Begin at the first line of the data and copy each line through the one containing "layer by layer", that line included, with no pictures.

----- Data extracts -----

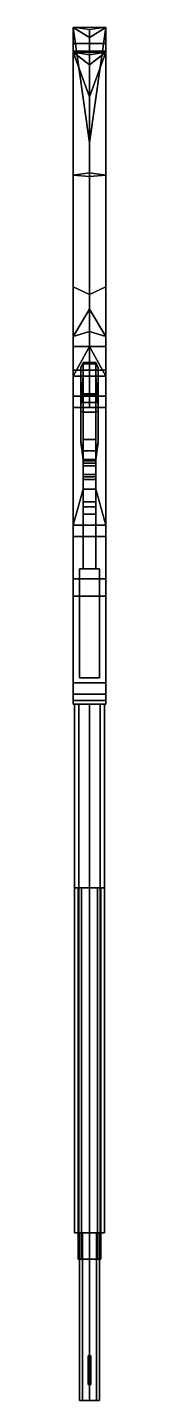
# Model space of a CAD drawing. Header units: millimetres. Extents: x -3 to 3, y -68 to 53.
# Drawn here: x -0.13 to 0.13, y -29.06 to -18 of the extents above; entities that cross this region are included whole.
import ezdxf

# ---------------------------------------------------------------- set-up
doc = ezdxf.new("R2010")
doc.units = ezdxf.units.MM

msp = doc.modelspace()

# ---------------------------------------------------------------- linework, layer by layer
for points in [[(-0.13, -18, 25.65), (-0.13, -19.19, 24.91), (-0.13, -20.09, 25.28), (-0.13, -19.19, 25.71)], [(-0.13, -18, 25.65), (-0.13, -18.13, 25.17), (-0.13, -19.19, 24.91), (-0.13, -18, 25.65)], [(0, -18.93, 25.77), (-0.13, -18, 25.65), (-0.13, -19.19, 25.71), (0, -19.17, 25.77)], [(0, -18.08, 25.72), (-0.13, -18, 25.65), (-0.13, -18, 25.65), (0, -18.93, 25.77)], [(0, -18.02, 25.71), (-0.13, -18, 25.65), (-0.13, -18, 25.65), (0, -18.08, 25.72)], [(0.13, -18.13, 25.17), (0.13, -18, 25.65), (-0.13, -18, 25.65), (-0.13, -18.13, 25.17)], [(0.13, -18, 25.65), (0, -18.02, 25.71), (0, -18.02, 25.71), (-0.13, -18, 25.65)], [(0.13, -18, 25.65), (0, -18.93, 25.77), (0, -19.17, 25.77), (0.13, -19.19, 25.71)], [(0.13, -18, 25.65), (0, -18.08, 25.72), (0, -18.93, 25.77), (0.13, -18, 25.65)], [(0.13, -18, 25.65), (0, -18.02, 25.71), (0, -18.08, 25.72), (0.13, -18, 25.65)], [(0.13, -19.19, 24.91), (0.13, -18, 25.65), (0.13, -19.19, 25.71), (0.13, -20.09, 25.28)], [(0.13, -18.13, 25.17), (0.13, -18, 25.65), (0.13, -18, 25.65), (0.13, -19.19, 24.91)], [(-0.13, -18.13, 25.17), (-0.13, -18.19, 24.67), (-0.13, -19.19, 24.91), (-0.13, -18.13, 25.17)], [(0.13, -18.19, 24.67), (0.13, -18.13, 25.17), (-0.13, -18.13, 25.17), (-0.13, -18.19, 24.67)], [(0.13, -18.19, 24.67), (0.13, -18.13, 25.17), (0.13, -18.13, 25.17), (0.13, -19.19, 24.91)], [(-0.13, -18.19, 24.67), (-0.13, -18.2, 24.45), (-0.13, -19.19, 24.91), (-0.13, -18.19, 24.67)], [(-0.13, -18.2, 24.45), (0, -18.19, 24.35), (0, -18.22, 24.32), (-0.13, -18.2, 24.45)], [(0.13, -18.2, 24.45), (0.13, -18.19, 24.67), (-0.13, -18.19, 24.67), (-0.13, -18.2, 24.45)], [(0, -18.19, 24.35), (0.13, -18.2, 24.45), (-0.13, -18.2, 24.45), (0, -18.19, 24.35)], [(-0.13, -18.2, 24.45), (0, -18.56, 24.42), (0, -19.2, 24.73), (-0.13, -19.19, 24.91)], [(-0.13, -18.2, 24.45), (0, -18.3, 24.32), (0, -18.56, 24.42), (-0.13, -18.2, 24.45)], [(-0.13, -18.2, 24.45), (0, -18.22, 24.32), (0, -18.3, 24.32), (-0.13, -18.2, 24.45)], [(0, -18.19, 24.35), (0.13, -18.2, 24.45), (0.13, -18.2, 24.45), (0, -18.22, 24.32)], [(0, -18.56, 24.42), (0.13, -18.2, 24.45), (0.13, -19.19, 24.91), (0, -19.2, 24.73)], [(0, -18.3, 24.32), (0.13, -18.2, 24.45), (0.13, -18.2, 24.45), (0, -18.56, 24.42)], [(0, -18.22, 24.32), (0.13, -18.2, 24.45), (0.13, -18.2, 24.45), (0, -18.3, 24.32)], [(0.13, -18.2, 24.45), (0.13, -18.19, 24.67), (0.13, -18.19, 24.67), (0.13, -19.19, 24.91)], [(0, -19.17, 25.77), (-0.13, -19.19, 25.71), (-0.13, -20.49, 25.71), (0, -20.27, 25.8)], [(-0.13, -19.19, 25.71), (-0.13, -20.09, 25.28), (-0.13, -20.57, 25.33), (-0.13, -20.49, 25.71)], [(-0.13, -19.19, 24.91), (0, -19.2, 24.73), (0, -20.15, 25.17), (-0.13, -20.09, 25.28)], [(0.13, -19.19, 25.71), (0, -19.17, 25.77), (0, -20.27, 25.8), (0.13, -20.49, 25.71)], [(0, -19.2, 24.73), (0.13, -19.19, 24.91), (0.13, -20.09, 25.28), (0, -20.15, 25.17)], [(0.13, -20.09, 25.28), (0.13, -19.19, 25.71), (0.13, -20.49, 25.71), (0.13, -20.57, 25.33)], [(-0.13, -20.09, 25.28), (0, -20.15, 25.17), (0, -20.57, 25.3), (-0.13, -20.57, 25.33)], [(0, -20.15, 25.17), (0.13, -20.09, 25.28), (0.13, -20.57, 25.33), (0, -20.57, 25.3)], [(0, -20.27, 25.8), (-0.13, -20.49, 25.71), (-0.13, -20.49, 25.71), (0, -20.45, 25.78)], [(0.13, -20.49, 25.71), (0, -20.27, 25.8), (0, -20.45, 25.78), (0.13, -20.49, 25.71)], [(0, -20.45, 25.78), (-0.13, -20.49, 25.71), (-0.13, -20.76, 25.71), (0, -20.76, 25.84)], [(0.13, -20.49, 25.71), (0, -20.45, 25.78), (0, -20.76, 25.84), (0.13, -20.76, 25.71)], [(-0.13, -20.49, 25.71), (-0.13, -20.57, 25.33), (-0.13, -20.81, 25.33), (-0.13, -20.76, 25.71)], [(-0.13, -20.81, 25.33), (0, -20.57, 25.3), (0.13, -20.81, 25.33)], [(-0.13, -20.81, 25.33), (-0.13, -20.57, 25.33), (0, -20.57, 25.3)], [(0, -20.57, 25.3), (0.13, -20.57, 25.33), (0.13, -20.81, 25.33)], [(0.13, -20.57, 25.33), (0.13, -20.49, 25.71), (0.13, -20.76, 25.71), (0.13, -20.81, 25.33)], [(-0.13, -20.76, 25.71), (-0.13, -20.97, 25.42), (-0.13, -22.01, 26.03), (-0.13, -21.06, 26.03)], [(-0.13, -20.76, 25.71), (-0.13, -20.81, 25.33), (-0.13, -20.97, 25.42), (-0.13, -20.76, 25.71)], [(0, -20.76, 25.84), (-0.13, -20.76, 25.71), (-0.13, -21.06, 26.03), (0, -21.06, 26.03)], [(-0.07, -20.74, 24.55), (-0.07, -21.04, 25.02), (-0.05, -20.95, 25.01), (-0.05, -20.7, 24.64)], [(-0.07, -20.74, 24.55), (-0.05, -20.7, 24.64), (-0.05, -20.7, 24.59), (-0.05, -20.71, 24.53)], [(-0.07, -20.99, 24.41), (-0.07, -20.74, 24.55), (-0.05, -20.71, 24.53), (-0.05, -20.96, 24.35)], [(-0.07, -20.99, 24.41), (-0.07, -21.34, 24.95), (-0.07, -21.04, 25.02), (-0.07, -20.74, 24.55)], [(-0.05, -20.7, 24.64), (-0.05, -20.95, 25.01), (0.05, -20.95, 25.01), (0.05, -20.7, 24.64)], [(-0.05, -20.7, 24.59), (-0.05, -20.7, 24.64), (0.05, -20.7, 24.64), (0.05, -20.7, 24.59)], [(-0.05, -20.71, 24.53), (-0.05, -20.7, 24.59), (0.05, -20.7, 24.59), (0.05, -20.71, 24.53)], [(-0.05, -20.96, 24.35), (-0.05, -20.71, 24.53), (0.05, -20.71, 24.53), (0.05, -20.96, 24.35)], [(0.13, -20.76, 25.71), (0, -20.76, 25.84), (0, -21.06, 26.03), (0.13, -21.06, 26.03)], [(0.07, -21.04, 25.02), (0.07, -20.74, 24.55), (0.05, -20.7, 24.64), (0.05, -20.95, 25.01)], [(0.05, -20.7, 24.64), (0.07, -20.74, 24.55), (0.05, -20.71, 24.53), (0.05, -20.7, 24.59)], [(0.07, -20.74, 24.55), (0.07, -20.99, 24.41), (0.05, -20.96, 24.35), (0.05, -20.71, 24.53)], [(0.07, -21.34, 24.95), (0.07, -20.99, 24.41), (0.07, -20.74, 24.55), (0.07, -21.04, 25.02)], [(0.13, -20.97, 25.42), (0.13, -20.76, 25.71), (0.13, -21.06, 26.03), (0.13, -22.01, 26.03)], [(0.13, -20.81, 25.33), (0.13, -20.76, 25.71), (0.13, -20.76, 25.71), (0.13, -20.97, 25.42)], [(-0.13, -20.81, 25.33), (0.13, -20.81, 25.33), (0.13, -20.97, 25.42), (-0.13, -20.97, 25.42)], [(-0.07, -21.04, 25.21), (-0.07, -21.34, 25.16), (-0.05, -21.41, 25.19), (-0.05, -20.81, 25.28)], [(-0.07, -21.04, 25.21), (-0.07, -21.04, 25.21), (-0.05, -20.81, 25.28), (-0.05, -20.87, 25.25)], [(-0.07, -21.04, 25.21), (-0.07, -21.04, 25.21), (-0.05, -20.87, 25.25), (-0.05, -20.95, 25.16)], [(-0.05, -20.81, 25.33), (-0.05, -21.41, 25.23), (-0.05, -21.51, 25.35), (-0.05, -20.97, 25.42)], [(-0.05, -20.81, 25.28), (-0.05, -21.41, 25.19), (-0.05, -21.41, 25.23), (-0.05, -20.81, 25.33)], [(0.05, -21.41, 25.23), (0.05, -20.81, 25.33), (0.05, -20.97, 25.42), (0.05, -21.51, 25.35)], [(0.05, -21.41, 25.19), (0.05, -20.81, 25.28), (0.05, -20.81, 25.33), (0.05, -21.41, 25.23)], [(0.07, -21.34, 25.16), (0.07, -21.04, 25.21), (0.05, -20.81, 25.28), (0.05, -21.41, 25.19)], [(0.07, -21.04, 25.21), (0.07, -21.04, 25.21), (0.05, -20.87, 25.25), (0.05, -20.81, 25.28)], [(0.07, -21.04, 25.21), (0.07, -21.04, 25.21), (0.05, -20.95, 25.16), (0.05, -20.87, 25.25)], [(-0.13, -20.97, 25.42), (0.13, -20.97, 25.42), (0.13, -23.28, 25.42), (-0.13, -23.28, 25.42)], [(-0.13, -20.97, 25.42), (-0.13, -23.28, 25.42), (-0.13, -22.58, 26.11), (-0.13, -22.01, 26.03)], [(-0.07, -21.04, 25.02), (-0.07, -21.04, 25.21), (-0.05, -20.95, 25.16), (-0.05, -20.95, 25.01)], [(-0.07, -20.99, 24.41), (-0.05, -20.96, 24.35), (-0.05, -21.02, 24.37)], [(-0.07, -21.09, 24.49), (-0.07, -20.99, 24.41), (-0.05, -21.02, 24.37), (-0.05, -21.1, 24.34)], [(-0.07, -21.09, 24.49), (-0.07, -21.34, 24.95), (-0.07, -20.99, 24.41), (-0.07, -21.09, 24.49)], [(-0.05, -20.95, 25.01), (-0.05, -20.95, 25.16), (0.05, -20.95, 25.16), (0.05, -20.95, 25.01)], [(-0.05, -21.02, 24.37), (-0.05, -20.96, 24.35), (0.05, -20.96, 24.35), (0.05, -21.02, 24.37)], [(-0.05, -21.51, 25.35), (-0.05, -21.86, 25.35), (-0.05, -22.36, 25.42), (-0.05, -20.97, 25.42)], [(0.07, -21.04, 25.21), (0.07, -21.04, 25.02), (0.05, -20.95, 25.01), (0.05, -20.95, 25.16)], [(0.07, -20.99, 24.41), (0.05, -21.02, 24.37), (0.05, -21.02, 24.37), (0.05, -20.96, 24.35)], [(0.05, -21.86, 25.35), (0.05, -21.51, 25.35), (0.05, -20.97, 25.42), (0.05, -22.36, 25.42)], [(0.07, -20.99, 24.41), (0.07, -21.09, 24.49), (0.05, -21.1, 24.34), (0.05, -21.02, 24.37)], [(0.07, -21.34, 24.95), (0.07, -21.09, 24.49), (0.07, -21.09, 24.49), (0.07, -20.99, 24.41)], [(0.13, -23.28, 25.42), (0.13, -20.97, 25.42), (0.13, -22.01, 26.03), (0.13, -22.58, 26.11)], [(-0.13, -21.06, 26.03), (-0.13, -22.01, 26.03), (-0.05, -21.72, 26.03), (-0.05, -21.06, 26.03)], [(-0.07, -21.34, 24.95), (-0.07, -21.34, 25.16), (-0.07, -21.04, 25.21), (-0.07, -21.04, 25.02)], [(-0.07, -21.34, 24.95), (-0.07, -21.09, 24.49), (-0.05, -21.1, 24.34), (-0.05, -21.48, 25.05)], [(-0.05, -21.1, 24.34), (-0.05, -21.02, 24.37), (-0.05, -21.06, 24.34)], [(-0.05, -21.06, 24.34), (-0.05, -21.02, 24.37), (0.05, -21.02, 24.37), (0.05, -21.06, 24.34)], [(-0.05, -21.06, 26.21), (0.05, -21.06, 26.21), (0.05, -21.06, 26.03), (-0.05, -21.06, 26.03)], [(-0.05, -21.32, 26.21), (0.05, -21.32, 26.21), (0.05, -21.06, 26.21), (-0.05, -21.06, 26.21)], [(-0.05, -21.06, 26.03), (-0.05, -21.72, 26.03), (-0.05, -21.72, 26.1), (-0.05, -21.06, 26.21)], [(-0.05, -21.72, 26.1), (-0.05, -21.32, 26.21), (-0.05, -21.06, 26.21), (-0.05, -21.72, 26.1)], [(-0.05, -21.1, 24.34), (-0.05, -21.06, 24.34), (0.05, -21.06, 24.34), (0.05, -21.1, 24.34)], [(-0.05, -21.48, 25.05), (-0.05, -21.1, 24.34), (0.05, -21.1, 24.34), (0.05, -21.48, 25.05)], [(0.05, -21.02, 24.37), (0.05, -21.1, 24.34), (0.05, -21.1, 24.34), (0.05, -21.06, 24.34)], [(0.05, -21.72, 26.03), (0.05, -21.06, 26.03), (0.05, -21.06, 26.21), (0.05, -21.72, 26.1)], [(0.05, -21.32, 26.21), (0.05, -21.72, 26.1), (0.05, -21.72, 26.1), (0.05, -21.06, 26.21)], [(0.13, -22.01, 26.03), (0.13, -21.06, 26.03), (0.05, -21.06, 26.03), (0.05, -21.72, 26.03)], [(0.07, -21.09, 24.49), (0.07, -21.34, 24.95), (0.05, -21.48, 25.05), (0.05, -21.1, 24.34)], [(0.07, -21.34, 25.16), (0.07, -21.34, 24.95), (0.07, -21.04, 25.02), (0.07, -21.04, 25.21)], [(-0.07, -21.34, 25.16), (-0.07, -21.34, 24.95), (-0.05, -21.48, 25.05), (-0.05, -21.41, 25.19)], [(-0.05, -21.51, 26.24), (0.05, -21.51, 26.24), (0.05, -21.32, 26.21), (-0.05, -21.32, 26.21)], [(-0.05, -21.32, 26.21), (-0.05, -21.72, 26.1), (-0.05, -21.64, 26.21), (-0.05, -21.51, 26.24)], [(0.05, -21.51, 26.24), (0.05, -21.64, 26.21), (0.05, -21.72, 26.1), (0.05, -21.32, 26.21)], [(0.07, -21.34, 24.95), (0.07, -21.34, 25.16), (0.05, -21.41, 25.19), (0.05, -21.48, 25.05)], [(-0.05, -21.48, 25.05), (-0.05, -21.49, 25.08), (-0.05, -21.49, 25.08), (-0.05, -21.41, 25.19)], [(-0.05, -21.41, 25.19), (-0.05, -21.49, 25.08), (0.05, -21.49, 25.08), (0.05, -21.41, 25.19)], [(-0.05, -21.41, 25.23), (-0.05, -21.41, 25.19), (0.05, -21.41, 25.19), (0.05, -21.41, 25.23)], [(-0.05, -21.51, 25.35), (-0.05, -21.41, 25.23), (0.05, -21.41, 25.23), (0.05, -21.51, 25.35)], [(0.05, -21.49, 25.08), (0.05, -21.48, 25.05), (0.05, -21.41, 25.19), (0.05, -21.49, 25.08)], [(-0.05, -21.48, 25.05), (-0.05, -22.36, 25.05), (-0.05, -21.82, 25.07), (-0.05, -21.6, 25.07)], [(-0.05, -21.48, 25.05), (-0.05, -21.6, 25.07), (-0.05, -21.6, 25.07), (-0.05, -21.49, 25.08)], [(0.05, -21.48, 25.05), (0.05, -22.36, 25.05), (-0.05, -22.36, 25.05), (-0.05, -21.48, 25.05)], [(-0.05, -21.49, 25.08), (-0.05, -21.6, 25.07), (0.05, -21.6, 25.07), (0.05, -21.49, 25.08)], [(-0.05, -21.53, 26.27), (0.05, -21.53, 26.27), (0.05, -21.51, 26.24), (-0.05, -21.51, 26.24)], [(-0.05, -21.51, 26.24), (-0.05, -21.64, 26.21), (-0.05, -21.62, 26.27), (-0.05, -21.53, 26.27)], [(-0.05, -21.86, 25.35), (-0.05, -21.51, 25.35), (0.05, -21.51, 25.35), (0.05, -21.86, 25.35)], [(-0.05, -21.62, 26.27), (0.05, -21.62, 26.27), (0.05, -21.53, 26.27), (-0.05, -21.53, 26.27)], [(0.05, -22.36, 25.05), (0.05, -21.48, 25.05), (0.05, -21.6, 25.07), (0.05, -21.82, 25.07)], [(0.05, -21.6, 25.07), (0.05, -21.48, 25.05), (0.05, -21.49, 25.08), (0.05, -21.6, 25.07)], [(0.05, -21.53, 26.27), (0.05, -21.62, 26.27), (0.05, -21.64, 26.21), (0.05, -21.51, 26.24)], [(-0.05, -21.6, 25.07), (-0.05, -21.82, 25.07), (0.05, -21.82, 25.07), (0.05, -21.6, 25.07)], [(-0.05, -21.64, 26.21), (0.05, -21.64, 26.21), (0.05, -21.62, 26.27), (-0.05, -21.62, 26.27)], [(-0.05, -21.72, 26.1), (0.05, -21.72, 26.1), (0.05, -21.64, 26.21), (-0.05, -21.64, 26.21)], [(-0.13, -22.01, 26.03), (0.13, -22.01, 26.03), (0.05, -21.72, 26.03), (-0.05, -21.72, 26.03)], [(-0.05, -21.72, 26.03), (0.05, -21.72, 26.03), (0.05, -21.72, 26.1), (-0.05, -21.72, 26.1)], [(-0.05, -21.82, 25.07), (-0.05, -22.36, 25.05), (-0.05, -22.36, 25.05), (-0.05, -21.92, 25.15)], [(-0.05, -21.82, 25.07), (-0.05, -21.92, 25.15), (0.05, -21.92, 25.15), (0.05, -21.82, 25.07)], [(-0.05, -21.92, 25.26), (-0.05, -22.36, 25.42), (-0.05, -22.36, 25.42), (-0.05, -21.86, 25.35)], [(-0.05, -21.92, 25.26), (-0.05, -21.86, 25.35), (0.05, -21.86, 25.35), (0.05, -21.92, 25.26)], [(0.05, -22.36, 25.05), (0.05, -21.82, 25.07), (0.05, -21.92, 25.15), (0.05, -22.36, 25.05)], [(0.05, -22.36, 25.42), (0.05, -21.92, 25.26), (0.05, -21.86, 25.35), (0.05, -22.36, 25.42)], [(-0.05, -21.92, 25.15), (-0.05, -22.36, 25.05), (-0.05, -22.36, 25.42), (-0.05, -21.92, 25.26)], [(-0.05, -21.92, 25.15), (-0.05, -21.92, 25.26), (0.05, -21.92, 25.26), (0.05, -21.92, 25.15)], [(0.05, -22.36, 25.05), (0.05, -21.92, 25.15), (0.05, -21.92, 25.26), (0.05, -22.36, 25.42)], [(-0.13, -22.1, 26.19), (0.13, -22.1, 26.19), (0.13, -22.01, 26.03), (-0.13, -22.01, 26.03)], [(-0.13, -22.01, 26.03), (-0.13, -22.58, 26.11), (-0.13, -22.44, 26.19), (-0.13, -22.1, 26.19)], [(-0.13, -22.44, 26.19), (0.13, -22.44, 26.19), (0.13, -22.1, 26.19), (-0.13, -22.1, 26.19)], [(0.13, -22.58, 26.11), (0.13, -22.01, 26.03), (0.13, -22.1, 26.19), (0.13, -22.44, 26.19)], [(-0.13, -22.58, 26.11), (0.13, -22.58, 26.11), (0.13, -22.44, 26.19), (-0.13, -22.44, 26.19)], [(0.08, -22.36, 24.39), (-0.08, -22.36, 24.39), (-0.08, -22.36, 25.42), (0.08, -22.36, 25.42)], [(-0.08, -22.36, 24.39), (-0.08, -23.24, 24.61), (-0.08, -23.24, 25.42), (-0.08, -22.36, 25.42)], [(-0.08, -22.36, 24.39), (0.08, -22.36, 24.39), (0.08, -23.24, 24.61), (-0.08, -23.24, 24.61)], [(0.08, -23.24, 24.61), (0.08, -22.36, 24.39), (0.08, -22.36, 25.42), (0.08, -23.24, 25.42)], [(-0.13, -23.45, 26.11), (0.13, -23.45, 26.11), (0.13, -22.58, 26.11), (-0.13, -22.58, 26.11)], [(-0.13, -23.28, 25.42), (-0.13, -23.45, 25.43), (-0.13, -23.45, 26.11), (-0.13, -22.58, 26.11)], [(0.13, -23.45, 25.43), (0.13, -23.28, 25.42), (0.13, -22.58, 26.11), (0.13, -23.45, 26.11)], [(-0.13, -23.28, 25.42), (0.13, -23.28, 25.42), (0.13, -23.37, 25.38), (-0.13, -23.37, 25.38)], [(-0.13, -23.37, 25.38), (-0.13, -23.42, 25.38), (-0.13, -23.45, 25.43), (-0.13, -23.28, 25.42)], [(-0.08, -23.24, 24.61), (0.08, -23.24, 24.61), (0.08, -23.24, 25.42), (-0.08, -23.24, 25.42)], [(0.13, -23.42, 25.38), (0.13, -23.37, 25.38), (0.13, -23.28, 25.42), (0.13, -23.45, 25.43)], [(-0.13, -23.37, 25.38), (0.13, -23.37, 25.38), (0.13, -23.42, 25.38), (-0.13, -23.42, 25.38)], [(-0.13, -23.42, 25.38), (0.13, -23.42, 25.38), (0.13, -23.45, 25.43), (-0.13, -23.45, 25.43)], [(-0.13, -23.45, 25.43), (0.13, -23.45, 25.43), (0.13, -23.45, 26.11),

-----

[Answer to this exercise]:
# Model space of a CAD drawing. Header units: millimetres. Extents: x -3 to 3, y -68 to 53.
# Drawn here: x -0.13 to 0.13, y -29.06 to -18 of the extents above; entities that cross this region are included whole.
import ezdxf

# ---------------------------------------------------------------- set-up
doc = ezdxf.new("R2010")
doc.units = ezdxf.units.MM

msp = doc.modelspace()

# ---------------------------------------------------------------- linework, layer by layer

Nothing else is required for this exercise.